* [Your objective]
Up to and including the line holding "import ezdxf", write out the data exactly from its first line, but not the pictures.
Provided information START
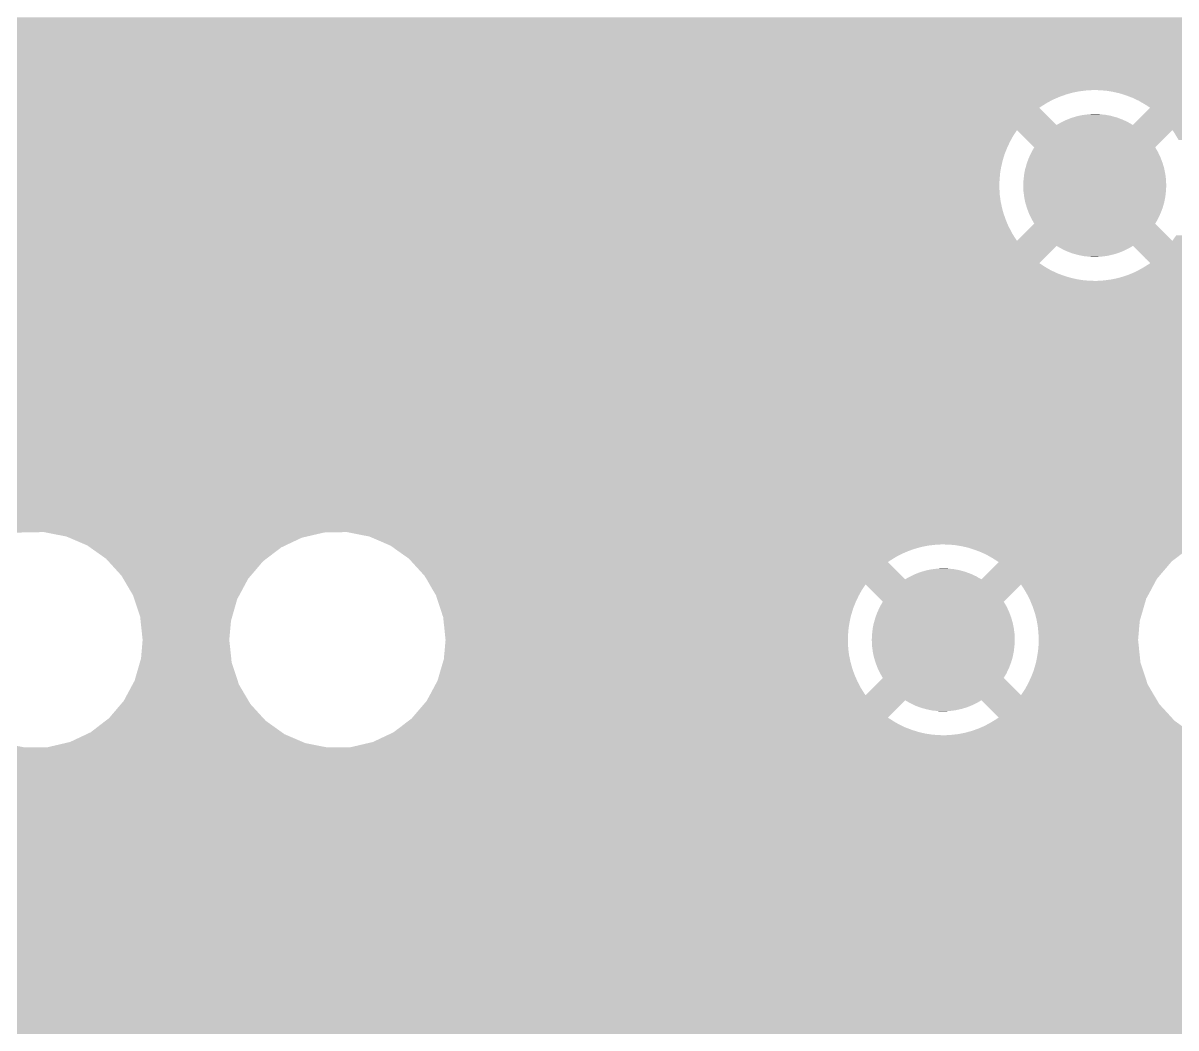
# Model space of a CAD drawing. Extents: x 295 to 953, y 10 to 290.
# Drawn here: x 703.98 to 714.62, y 236.27 to 245.54 of the extents above; entities that cross this region are included whole.
import ezdxf

# ---------------------------------------------------------------- set-up
doc = ezdxf.new("R2010")
doc.units = 0
doc.header["$LTSCALE"] = 5
doc.header["$MEASUREMENT"] = 0
doc.layers.add('GND1', color=7, linetype='CONTINUOUS')

msp = doc.modelspace()

# ---------------------------------------------------------------- linework, layer by layer
at = {"layer": 'GND1'}
for points in [[(687.984, 245.49), (687.837, 245.594), (757.915, 245.49), (758.052, 245.594)], [(688.006, 245.466), (687.984, 245.49), (757.884, 245.466), (757.915, 245.49)], [(688.126, 245.335), (688.006, 245.466), (757.772, 245.335), (757.884, 245.466)], [(688.143, 245.306), (688.126, 245.335), (757.747, 245.306), (757.772, 245.335)], [(688.233, 245.153), (688.143, 245.306), (757.665, 245.153), (757.747, 245.306)], [(688.244, 245.12), (688.233, 245.153), (757.647, 245.12), (757.665, 245.153)], [(688.299, 244.952), (688.244, 245.12), (757.599, 244.952), (757.647, 245.12)], [(688.302, 244.924), (688.299, 244.952), (757.59, 244.924), (757.599, 244.952)], [(688.302, 244.92), (688.302, 244.924), (713.785, 244.92), (713.847, 244.924)], [(688.303, 244.912), (688.302, 244.92), (713.722, 244.912), (713.785, 244.92)], [(688.304, 244.9), (688.303, 244.912), (713.661, 244.9), (713.722, 244.912)], [(688.306, 244.883), (688.304, 244.9), (713.601, 244.883), (713.661, 244.9)], [(688.308, 244.862), (688.306, 244.883), (713.542, 244.862), (713.601, 244.883)], [(713.91, 244.923), (713.847, 244.924), (757.59, 244.923), (757.59, 244.924)], [(713.972, 244.918), (713.91, 244.923), (757.589, 244.918), (757.59, 244.923)], [(714.034, 244.908), (713.974, 244.918), (757.588, 244.908), (757.589, 244.918)], [(714.096, 244.894), (714.034, 244.908), (757.586, 244.894), (757.588, 244.908)], [(714.155, 244.875), (714.096, 244.894), (757.585, 244.875), (757.586, 244.894)], [(688.311, 244.837), (688.308, 244.862), (713.484, 244.837), (713.542, 244.862)], [(688.314, 244.808), (688.311, 244.837), (713.429, 244.808), (713.484, 244.837)], [(688.318, 244.774), (688.314, 244.808), (713.375, 244.774), (713.429, 244.808)], [(714.214, 244.853), (714.155, 244.875), (757.583, 244.853), (757.585, 244.875)], [(714.271, 244.826), (714.214, 244.853), (757.58, 244.826), (757.583, 244.853)], [(714.325, 244.795), (714.271, 244.826), (757.578, 244.795), (757.58, 244.826)], [(714.378, 244.761), (714.325, 244.795), (757.575, 244.761), (757.578, 244.795)], [(688.309, 244.602), (688.321, 244.743), (713.514, 244.602), (713.374, 244.743)], [(688.319, 244.761), (688.318, 244.774), (713.356, 244.761), (713.375, 244.774)], [(688.321, 244.743), (688.319, 244.761), (713.374, 244.743), (713.356, 244.761)], [(713.645, 244.665), (713.663, 244.671), (714.087, 244.665), (714.072, 244.671)], [(713.663, 244.671), (713.697, 244.681), (714.072, 244.671), (714.034, 244.681)], [(713.697, 244.681), (713.716, 244.686), (714.034, 244.681), (714.019, 244.686)], [(713.716, 244.686), (713.75, 244.693), (714.019, 244.686), (713.981, 244.693)], [(713.75, 244.693), (713.771, 244.696), (713.981, 244.693), (713.966, 244.696)], [(713.771, 244.696), (713.804, 244.7), (713.966, 244.696), (713.925, 244.7)], [(713.804, 244.7), (713.83, 244.702), (713.925, 244.7), (713.912, 244.702)], [(713.83, 244.702), (713.858, 244.703), (713.912, 244.702), (713.858, 244.703)], [(714.219, 244.602), (714.36, 244.743), (757.588, 244.602), (757.573, 244.743)], [(714.36, 244.743), (714.378, 244.761), (757.573, 244.743), (757.575, 244.761)], [(688.302, 244.555), (688.306, 244.568), (757.593, 244.555), (757.592, 244.568)], [(688.306, 244.568), (688.309, 244.602), (757.592, 244.568), (757.588, 244.602)], [(713.514, 244.602), (713.546, 244.62), (714.219, 244.602), (714.186, 244.62)], [(713.546, 244.62), (713.563, 244.629), (714.186, 244.62), (714.172, 244.629)], [(713.563, 244.629), (713.595, 244.645), (714.172, 244.629), (714.137, 244.645)], [(713.595, 244.645), (713.612, 244.652), (714.137, 244.645), (714.122, 244.652)], [(713.612, 244.652), (713.645, 244.665), (714.122, 244.652), (714.087, 244.665)], [(688.271, 244.448), (688.287, 244.503), (713.085, 244.448), (713.115, 244.503)], [(688.287, 244.503), (688.302, 244.555), (713.115, 244.503), (713.15, 244.555)], [(713.309, 244.396), (713.15, 244.555), (714.424, 244.396), (714.583, 244.555)], [(714.598, 244.533), (714.583, 244.555), (757.595, 244.533), (757.593, 244.555)], [(714.607, 244.519), (714.598, 244.533), (757.6, 244.519), (757.595, 244.533)], [(714.639, 244.465), (714.607, 244.519), (757.618, 244.465), (757.6, 244.519)], [(688.23, 244.333), (688.247, 244.365), (713.035, 244.333), (713.048, 244.365)], [(688.247, 244.365), (688.254, 244.391), (713.048, 244.365), (713.058, 244.391)], [(688.254, 244.391), (688.271, 244.448), (713.058, 244.391), (713.085, 244.448)], [(713.282, 244.349), (713.286, 244.357), (714.451, 244.349), (714.447, 244.357)], [(713.286, 244.357), (713.309, 244.396), (714.447, 244.357), (714.424, 244.396)], [(688.164, 244.212), (688.197, 244.273), (713.003, 244.212), (713.017, 244.273)], [(688.197, 244.273), (688.23, 244.333), (713.017, 244.273), (713.035, 244.333)], [(713.228, 244.205), (713.24, 244.249), (714.506, 244.205), (714.493, 244.249)], [(713.24, 244.249), (713.243, 244.257), (714.493, 244.249), (714.49, 244.257)], [(713.243, 244.257), (713.259, 244.3), (714.49, 244.257), (714.474, 244.3)], [(713.259, 244.3), (713.263, 244.308), (714.474, 244.3), (714.471, 244.308)], [(713.263, 244.308), (713.282, 244.349), (714.471, 244.308), (714.451, 244.349)], [(688.068, 244.088), (688.122, 244.15), (712.988, 244.088), (712.993, 244.15)], [(688.122, 244.15), (688.147, 244.179), (712.993, 244.15), (712.997, 244.179)], [(688.147, 244.179), (688.164, 244.212), (712.997, 244.179), (713.003, 244.212)], [(713.21, 244.098), (713.215, 244.144), (714.524, 244.098), (714.518, 244.144)], [(713.215, 244.144), (713.216, 244.152), (714.518, 244.144), (714.517, 244.152)], [(713.216, 244.152), (713.225, 244.197), (714.517, 244.152), (714.508, 244.197)], [(713.225, 244.197), (713.228, 244.205), (714.508, 244.197), (714.506, 244.205)], [(688.015, 244.025), (688.068, 244.088), (712.987, 244.025), (712.988, 244.088)], [(713.207, 244.044), (713.209, 244.09), (714.526, 244.044), (714.524, 244.09)], [(713.209, 243.999), (713.207, 244.044), (714.524, 243.999), (714.526, 244.044)], [(713.209, 244.09), (713.21, 244.098), (714.524, 244.09), (714.524, 244.098)], [(687.855, 243.9), (687.936, 243.962), (712.998, 243.9), (712.99, 243.962)], [(687.936, 243.962), (688.01, 244.019), (712.99, 243.962), (712.987, 244.019)], [(688.01, 244.019), (688.015, 244.025), (712.987, 244.019), (712.987, 244.025)], [(713.209, 243.99), (713.209, 243.999), (714.523, 243.99), (714.524, 243.999)], [(713.215, 243.945), (713.209, 243.99), (714.518, 243.945), (714.523, 243.99)], [(713.216, 243.936), (713.215, 243.945), (714.517, 243.936), (714.518, 243.945)], [(713.225, 243.891), (713.216, 243.936), (714.508, 243.891), (714.517, 243.936)], [(687.652, 243.801), (687.732, 243.839), (713.021, 243.801), (713.011, 243.839)], [(687.732, 243.839), (687.843, 243.891), (713.011, 243.839), (713, 243.891)], [(687.843, 243.891), (687.855, 243.9), (713, 243.891), (712.998, 243.9)], [(713.227, 243.883), (713.225, 243.891), (714.506, 243.883), (714.508, 243.891)], [(713.24, 243.839), (713.227, 243.883), (714.493, 243.839), (714.506, 243.883)], [(713.243, 243.831), (713.24, 243.839), (714.49, 243.831), (714.493, 243.839)], [(713.259, 243.788), (713.243, 243.831), (714.474, 243.788), (714.49, 243.831)], [(625.17, 243.719), (625.14, 243.749), (713.049, 243.719), (713.038, 243.749)], [(625.222, 243.667), (625.17, 243.719), (713.071, 243.667), (713.049, 243.719)], [(687.236, 243.749), (687.447, 243.753), (713.038, 243.749), (713.037, 243.753)], [(687.447, 243.753), (687.555, 243.778), (713.037, 243.753), (713.028, 243.778)], [(687.555, 243.778), (687.652, 243.801), (713.028, 243.778), (713.021, 243.801)], [(713.262, 243.78), (713.259, 243.788), (714.47, 243.78), (714.474, 243.788)], [(713.282, 243.739), (713.262, 243.78), (714.451, 243.739), (714.47, 243.78)], [(713.286, 243.731), (713.282, 243.739), (714.447, 243.731), (714.451, 243.739)], [(713.309, 243.692), (713.286, 243.731), (714.424, 243.692), (714.447, 243.731)], [(625.078, 243.578), (625.127, 243.606), (713.12, 243.578), (713.103, 243.606)], [(625.127, 243.606), (625.145, 243.616), (713.103, 243.606), (713.098, 243.616)], [(625.145, 243.616), (625.209, 243.658), (713.098, 243.616), (713.076, 243.658)], [(625.209, 243.658), (625.214, 243.662), (713.076, 243.658), (713.074, 243.662)], [(625.214, 243.662), (625.222, 243.667), (713.074, 243.662), (713.071, 243.667)], [(713.15, 243.533), (713.309, 243.692), (714.583, 243.533), (714.424, 243.692)], [(624.895, 243.499), (624.939, 243.514), (773.419, 243.499), (773.451, 243.514)], [(624.939, 243.514), (624.983, 243.533), (773.451, 243.514), (773.491, 243.533)], [(624.983, 243.533), (625.009, 243.544), (713.15, 243.533), (713.142, 243.544)], [(625.009, 243.544), (625.027, 243.553), (713.142, 243.544), (713.136, 243.553)], [(625.027, 243.553), (625.078, 243.578), (713.136, 243.553), (713.12, 243.578)], [(714.583, 243.533), (714.618, 243.585), (773.491, 243.533), (773.602, 243.585)], [(525.272, 243.328), (525.272, 243.424), (713.356, 243.328), (713.452, 243.424)], [(624.489, 243.424), (624.566, 243.428), (713.452, 243.424), (713.456, 243.428)], [(624.566, 243.428), (624.642, 243.437), (713.456, 243.428), (713.465, 243.437)], [(624.642, 243.437), (624.718, 243.45), (713.465, 243.437), (713.478, 243.45)], [(624.718, 243.45), (624.793, 243.467), (713.478, 243.45), (713.495, 243.467)], [(624.793, 243.467), (624.86, 243.487), (713.495, 243.467), (713.514, 243.487)], [(624.86, 243.487), (624.866, 243.488), (773.402, 243.487), (773.405, 243.488)], [(624.866, 243.488), (624.895, 243.499), (773.405, 243.488), (773.419, 243.499)], [(713.547, 243.468), (713.514, 243.487), (714.187, 243.468), (714.219, 243.487)], [(713.562, 243.46), (713.547, 243.468), (714.17, 243.46), (714.187, 243.468)], [(713.596, 243.443), (713.562, 243.46), (714.138, 243.443), (714.17, 243.46)], [(713.611, 243.436), (713.596, 243.443), (714.121, 243.436), (714.138, 243.443)], [(713.646, 243.423), (713.611, 243.436), (714.088, 243.423), (714.121, 243.436)], [(713.662, 243.417), (713.646, 243.423), (714.07, 243.417), (714.088, 243.423)], [(713.699, 243.407), (713.662, 243.417), (714.036, 243.407), (714.07, 243.417)], [(713.714, 243.403), (713.699, 243.407), (714.017, 243.403), (714.036, 243.407)], [(713.752, 243.395), (713.714, 243.403), (713.983, 243.395), (714.017, 243.403)], [(713.767, 243.392), (713.752, 243.395), (713.962, 243.392), (713.983, 243.395)], [(714.334, 243.371), (714.219, 243.487), (773.251, 243.371), (773.402, 243.487)], [(525.272, 243.293), (525.272, 243.328), (713.408, 243.293), (713.356, 243.328)], [(525.272, 243.262), (525.272, 243.293), (713.462, 243.262), (713.408, 243.293)], [(713.808, 243.388), (713.767, 243.392), (713.929, 243.388), (713.962, 243.392)], [(713.821, 243.386), (713.808, 243.388), (713.903, 243.386), (713.929, 243.388)], [(713.875, 243.385), (713.821, 243.386), (713.875, 243.385), (713.903, 243.386)], [(714.304, 243.281), (714.358, 243.314), (773.174, 243.281), (773.203, 243.314)], [(714.378, 243.328), (714.334, 243.371), (773.214, 243.328), (773.251, 243.371)], [(714.358, 243.314), (714.378, 243.328), (773.203, 243.314), (773.214, 243.328)], [(525.272, 243.235), (525.272, 243.262), (713.519, 243.235), (713.462, 243.262)], [(525.272, 243.213), (525.272, 243.235), (713.578, 243.213), (713.519, 243.235)], [(525.272, 243.194), (525.272, 243.213), (713.638, 243.194), (713.578, 243.213)], [(525.272, 243.18), (525.272, 243.194), (713.699, 243.18), (713.638, 243.194)], [(714.011, 243.176), (714.072, 243.188), (773.096, 243.176), (773.102, 243.188)], [(714.072, 243.188), (714.133, 243.205), (773.102, 243.188), (773.112, 243.205)], [(714.133, 243.205), (714.147, 243.21), (773.112, 243.205), (773.114, 243.21)], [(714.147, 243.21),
Provided information END
* [Answer to the problem]
# Model space of a CAD drawing. Extents: x 295 to 953, y 10 to 290.
# Drawn here: x 703.98 to 714.62, y 236.27 to 245.54 of the extents above; entities that cross this region are included whole.
import ezdxf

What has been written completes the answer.